Economic Impact Of Negative Reviews On Businesses In Same Area, But Targeting Different Audiences

Negative online reviews come in many forms, such as:

  • A simple 1 out of 5-star review on a site like one’s Google My Business listing (with no wording, just the 1 star review)
  • The same as above, except with a negative mention of the individuals or business itself — whether or not the person leaving the review even was a customer/client at all
  • A negative review on a local business directory-oriented site like Yelp
  • A long, story-based negative review on a Facebook page (often accompanied by video or images)
  • A negative comment on a YouTube video, often along with a thumbs-down (aka “down vote”)
  • Personal blog posts by customers/clients (real or fake) leaving a long-form blog post, often then with the link shared on social media
  • Actual negative stories carried by online publications which have local orientation, national niche publications, and even major national publications which have broad appeal and readership/viewership


In a top 10 population region, like the Dallas Metroplex, there often is a wide range of negative news about local individual business owners and businesses themselves.  This can range from negative publicity nationally against an individual whose business primarily is limited to just the county (in this case, Dallas County), all the way to a business which serves all 50 states and international customers in the same county (in this case, Dallas County).  That is why a good reputation management firm, which can clean up one’s reputation online is so helpful.


These resources explain just some of the impact of negative comments/reviews on these businesses:

1. Loss of revenue

According to Womply research, bad reviews on Google, Facebook, and Yelphave a significant effect on your revenue. A business with a 1-1.5star rating reports 33% less revenue than the average enterprise. Forbes reports that 94% of consumers avoid a company with bad reviews.

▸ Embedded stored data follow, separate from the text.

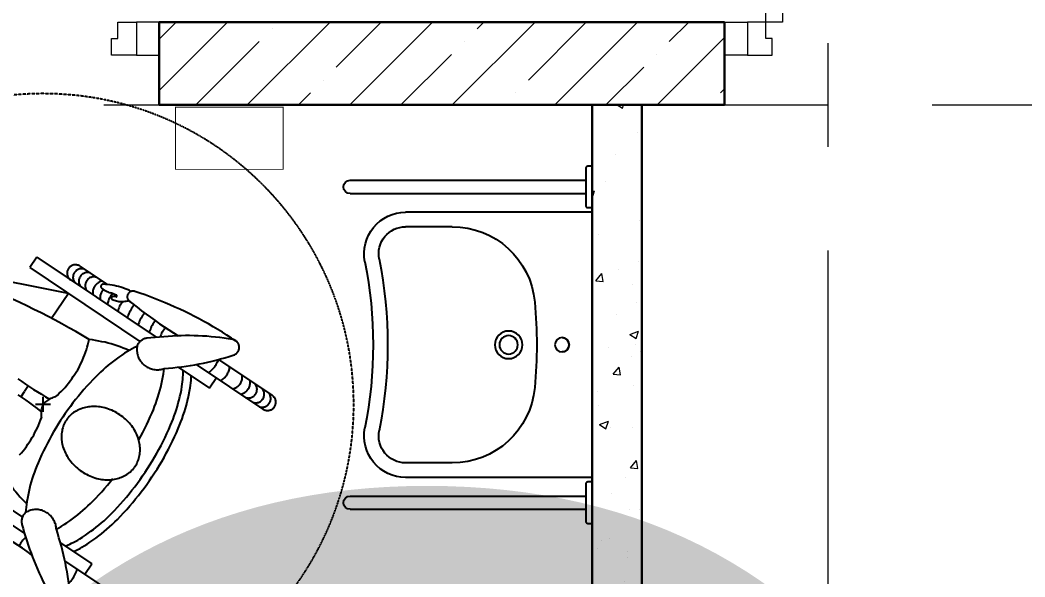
# Model space of a CAD drawing. Header units: millimetres. Extents: x -13407 to 8063098, y -54153 to 109271.
# Drawn here: x 40734 to 43160, y 14651 to 15995 of the extents above; entities that cross this region are included whole.
import ezdxf
from ezdxf.enums import TextEntityAlignment as Align

# ---------------------------------------------------------------- set-up
doc = ezdxf.new("R2018")
doc.units = ezdxf.units.MM
for name, pattern in [('ACAD_ISO03W100', [30, 12, -18]), ('CENTER', [2, 1.25, -0.25, 0.25, -0.25]), ('TRATTEGGIATA', [0.75, 0.5, -0.25])]:
    doc.linetypes.add(name, pattern=pattern)
doc.layers.get('Defpoints').update_dxf_attribs({"color": 6})
for name, color, linetype, lineweight in [('АР_Двери', 5, 'Continuous', 18), ('АР_Маркер экспликации', 239, 'Continuous', 13), ('АР_Номер помещения', 1, 'Continuous', 25), ('АР_Оси', 193, 'Continuous', 9), ('АР_Перегородки газоблок', 165, 'Continuous', 30), ('АР_Перегородки газоблок_Штрих', 165, 'Continuous', 5), ('АР_Помещения_площадь', 19, 'Continuous', 9), ('АР_Сущ Несущая стена', 202, 'Continuous', 30), ('АР_Штриховка монолит', 250, 'Continuous', 9), ('ТХ_ОСНОВНОЙ', 103, 'Continuous', 25)]:
    doc.layers.add(name, color=color, linetype=linetype, lineweight=lineweight)
doc.layers.add('АР_Названия помещений', color=124, linetype='Continuous', lineweight=5, plot=False)
doc.layers.add('ТХ_обор_бытовое', color=14, linetype='Continuous')
doc.layers.add('ТХ_сантехника', color=253, linetype='Continuous')
doc.styles.add('ISOCPEUR', font='isocpeur.ttf', dxfattribs={"width": 0.7})
doc.styles.get("Standard").update_dxf_attribs({"font": 'arial.ttf'})

# ---------------------------------------------------------------- blocks, each defined once
blk = doc.blocks.new('*U344')
for points in [[(0, 0), (0, -80), (55, -80), (55, 0), (0, 0)], [(55, -80), (55, 0), (115, 0), (115, -40), (100, -40), (100, -80), (55, -80)], [(1175, -80), (1175, 0), (1115, 0), (1115, -40), (1130, -40), (1130, -80), (1175, -80)], [(1230, 0), (1230, -80), (1175, -80), (1175, 0), (1230, 0)]]:
    blk.add_lwpolyline(points)
blk.add_lwpolyline([(100, -80), (100, -1110), (140, -1110), (140, -80)], close=True)
at = {"linetype": 'ACAD_ISO03W100', "ltscale": 3}
blk.add_arc((100, -80), 1030, 270, 0, dxfattribs=at)
blk = doc.blocks.new('*U370')
for points in [[(0, 0), (0, -80), (55, -80), (55, 0), (0, 0)], [(55, -80), (55, 0), (115, 0), (115, -40), (100, -40), (100, -80), (55, -80)], [(1075, -80), (1075, 0), (1015, 0), (1015, -40), (1030, -40), (1030, -80), (1075, -80)], [(1130, 0), (1130, -80), (1075, -80), (1075, 0), (1130, 0)]]:
    blk.add_lwpolyline(points)
blk.add_lwpolyline([(100, -80), (100, -1010), (140, -1010), (140, -80)], close=True)
at = {"linetype": 'ACAD_ISO03W100', "ltscale": 3}
blk.add_arc((100, -80), 930, 270, 0, dxfattribs=at)
blk = doc.blocks.new('Из_буфера26453')
for points in [[(15.1, 355.1), (-272.6, 162)], [(15.1, 355.1), (31.8, 330.1)], [(31.8, 330.1), (-233.9, 151.9)], [(-88.8, 333.3), (-154.9, 289.3)], [(-112.7, 317.4), (-110.8, 318), (-109.2, 318.2), (-105.5, 318.2), (-103.7, 318), (-101.8, 317.7), (-100.2, 317.1), (-98.4, 316.3), (-96.8, 315.5), (-95.2, 314.7), (-93.9, 313.7), (-92.5, 312.4), (-91.2, 311), (-90.2, 309.7), (-89.1, 308.1), (-88, 306.5), (-87.5, 305), (-86.7, 303.1), (-86.4, 301.5), (-86.2, 299.6), (-85.9, 297.8), (-85.9, 295.9), (-86.2, 294.1), (-86.4, 292.5), (-87, 290.6), (-87.8, 289), (-88.6, 287.2), (-89.4, 285.9), (-90.4, 284.3)], [(-98.9, 326.7), (-97, 327.2), (-95.4, 327.5), (-91.7, 327.5), (-89.9, 327.2), (-88, 327), (-86.4, 326.4), (-84.6, 325.6), (-83, 324.8), (-81.4, 324.1), (-80.1, 323), (-78.7, 321.6), (-77.4, 320.3), (-76.4, 319), (-75.3, 317.4), (-74.3, 315.8), (-73.7, 314.2), (-72.9, 312.4), (-72.7, 310.8), (-72.4, 308.9), (-72.1, 307.1), (-72.1, 305.2), (-72.4, 303.3), (-72.7, 301.8), (-73.2, 299.9), (-74, 298.1), (-74.8, 296.5), (-75.6, 294.9), (-76.6, 293.5)], [(-88.8, 333.3), (-87.5, 334.4), (-85.9, 335.2), (-84.3, 335.7), (-82.5, 336.2), (-80.9, 336.5), (-79, 336.8), (-75.6, 336.8), (-74, 336.5), (-72.1, 336), (-70.5, 335.5), (-68.9, 334.6), (-67.4, 333.8), (-66, 333.1), (-64.7, 332), (-63.4, 330.7), (-62.3, 329.3), (-61.2, 328), (-60.2, 326.4), (-59.4, 324.8), (-58.9, 323.3), (-58.3, 321.6), (-58.1, 319.8), (-57.8, 318.2), (-57.8, 314.7), (-58.1, 312.9), (-58.6, 311.3), (-59.1, 309.7), (-59.9, 307.9), (-60.7, 306.5), (-61.8, 305), (-62.9, 303.6), (-63.9, 302.3), (-65.2, 301.2), (-66.6, 300.2)], [(-142.7, 297.5), (-140.6, 297), (-138.4, 296.2), (-136.3, 295.4), (-134.4, 294.3), (-132.6, 293), (-130.7, 291.7), (-129.1, 290.4), (-127.5, 288.8), (-126, 287.2), (-124.9, 285.3), (-123.6, 283.4), (-122.5, 281.3), (-121.7, 279.5), (-120.9, 277.4), (-120.4, 275.3), (-120.1, 272.8), (-119.9, 270.7), (-119.9, 268.6), (-120.1, 266.5), (-120.4, 264.1)], [(-128.3, 307.1), (-126.5, 307.3), (-124.6, 307.6), (-123, 307.9), (-121.2, 307.9), (-119.3, 307.6), (-117.5, 307.1), (-115.9, 306.5), (-114, 306), (-112.4, 305.2), (-110.8, 304.1), (-109.5, 303.1), (-107.9, 302), (-106.9, 300.7), (-105.5, 299.1), (-104.7, 297.8), (-103.7, 296.2), (-102.9, 294.3), (-102.4, 292.7), (-102.1, 290.9), (-101.6, 289.3), (-101.6, 285.6), (-101.8, 283.7), (-102.1, 281.9), (-102.6, 280.3), (-103.1, 278.4), (-104, 276.8), (-105, 275.3), (-106.1, 273.7)], [(-111.6, 156.7), (-95.2, 166.5), (-78.7, 175.8), (-62.3, 185.1), (-45.6, 194.4), (-28.9, 203.4), (-11.9, 212.1), (5, 220.9), (22, 229.4), (39, 237.9), (56.2, 246.1), (73.5, 254), (90.7, 262), (108, 269.7), (125.4, 277.4), (142.9, 284.8), (160.4, 292), (178.2, 299.1)], [(-61, 267.8), (177.4, 314.7)], [(-465.6, 153), (-454.8, 160.1), (-443.9, 167.3), (-432.8, 174.2), (-421.9, 180.8), (-410.5, 187.5), (-399.4, 194.1), (-387.9, 200.2), (-376.5, 206.5), (-365.1, 212.4), (-353.5, 218.2), (-341.8, 224), (-330.1, 229.6), (-318.2, 234.9), (-306.3, 240.2), (-294.3, 245.3), (-282.4, 250.3), (-270.2, 255.1), (-258.3, 259.9), (-246.1, 264.1), (-233.6, 268.6), (-221.4, 272.6)], [(-221.4, 272.6), (-220.1, 273.1), (-218.8, 273.4), (-214.3, 273.4), (-212.9, 272.8), (-211.6, 272.6), (-210.3, 271.8), (-209.2, 271.3), (-207.9, 270.2), (-206.8, 269.4), (-206, 268.4), (-205.3, 267), (-204.5, 265.7), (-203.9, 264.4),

More importantly, a large portion of that research comes from browsing reviews. Negative reviews have become quite powerful in undermining a business’ reputation, leading to consequences:

  • Lowered search engine ranking: The star rating on major review websites has an immediate impact on consumer perception. As a result, search engines will also rank your business based off of review ratings.

  • Reputational risk: Negative reviews cause potential customers to trust a business less.

  • Hard to fix: Having an abundance of negative reviews makes it difficult to regain trust and rebrand.


The 2018 ReviewTrackers Online Reviews Survey found that negative reviews convinced 94% of consumers surveyed to avoid a particular business.

In addition, the BrightLocal survey found that 73% of consumers surveyed said they trust a local business more if it has positive customer reviews, whereas 50% of consumers said that negative customer reviews make them question the quality of a business.

More surprisingly, 85% of consumers in the BrightLocal survey trusted online reviews as much as they did recommendations from friends and family, which suggests that online reviews now hold nearly as much sway as personal referrals.


The Negative Impact of Reviews on Businesses



Some examples of this impacting two totally different businesses happened in Dallas County:

  • A situation accusing an individual of politically incorrect entity structuring hurt the reputation of a local politician and local business owner:  123456 and 7
  • A company on the Eastern side of the same county (Dallas County) got fined over $10 million for business practices which it disputed, but the reputation management damage hurt the company significantly across the county as it serves the real estate industry in/around college campuses:  1, 2, 3, 4, 5, 6, 7



The additional negative impact on these businesses requires hard costs for cleaning up one’s reputation, if at all possible, besides the long-term impact of the negative publicity.  Some of these costs include:

  • Paid press releases
  • Video production costs
  • Link building costs
  • Profile creation costs on reputable websites/blogs
  • Time costs to address the negative reviews
  • Much more


As you can see, even just one negative mention can harm a business’ bottom line — especially if the review is fake.  Not many safeguards exist for these parties who receive the impact of negative reviews as the websites which permit the reviews do not have many options for the business receiving the fake review.  Many sites won’t pull down the fake review if the person leaving the review actually wasn’t even a customer or client; and oftentimes a court order is required to have the search engines de-index the link (URL) — yet the original source with the negative review will still host it and still be indexed by other search engines.

Negative reviews and comments and stories have tremendous impact so having a solid reputation management plan in place seems to be an increasing priority for business owners, regardless of whether they market locally or nationally.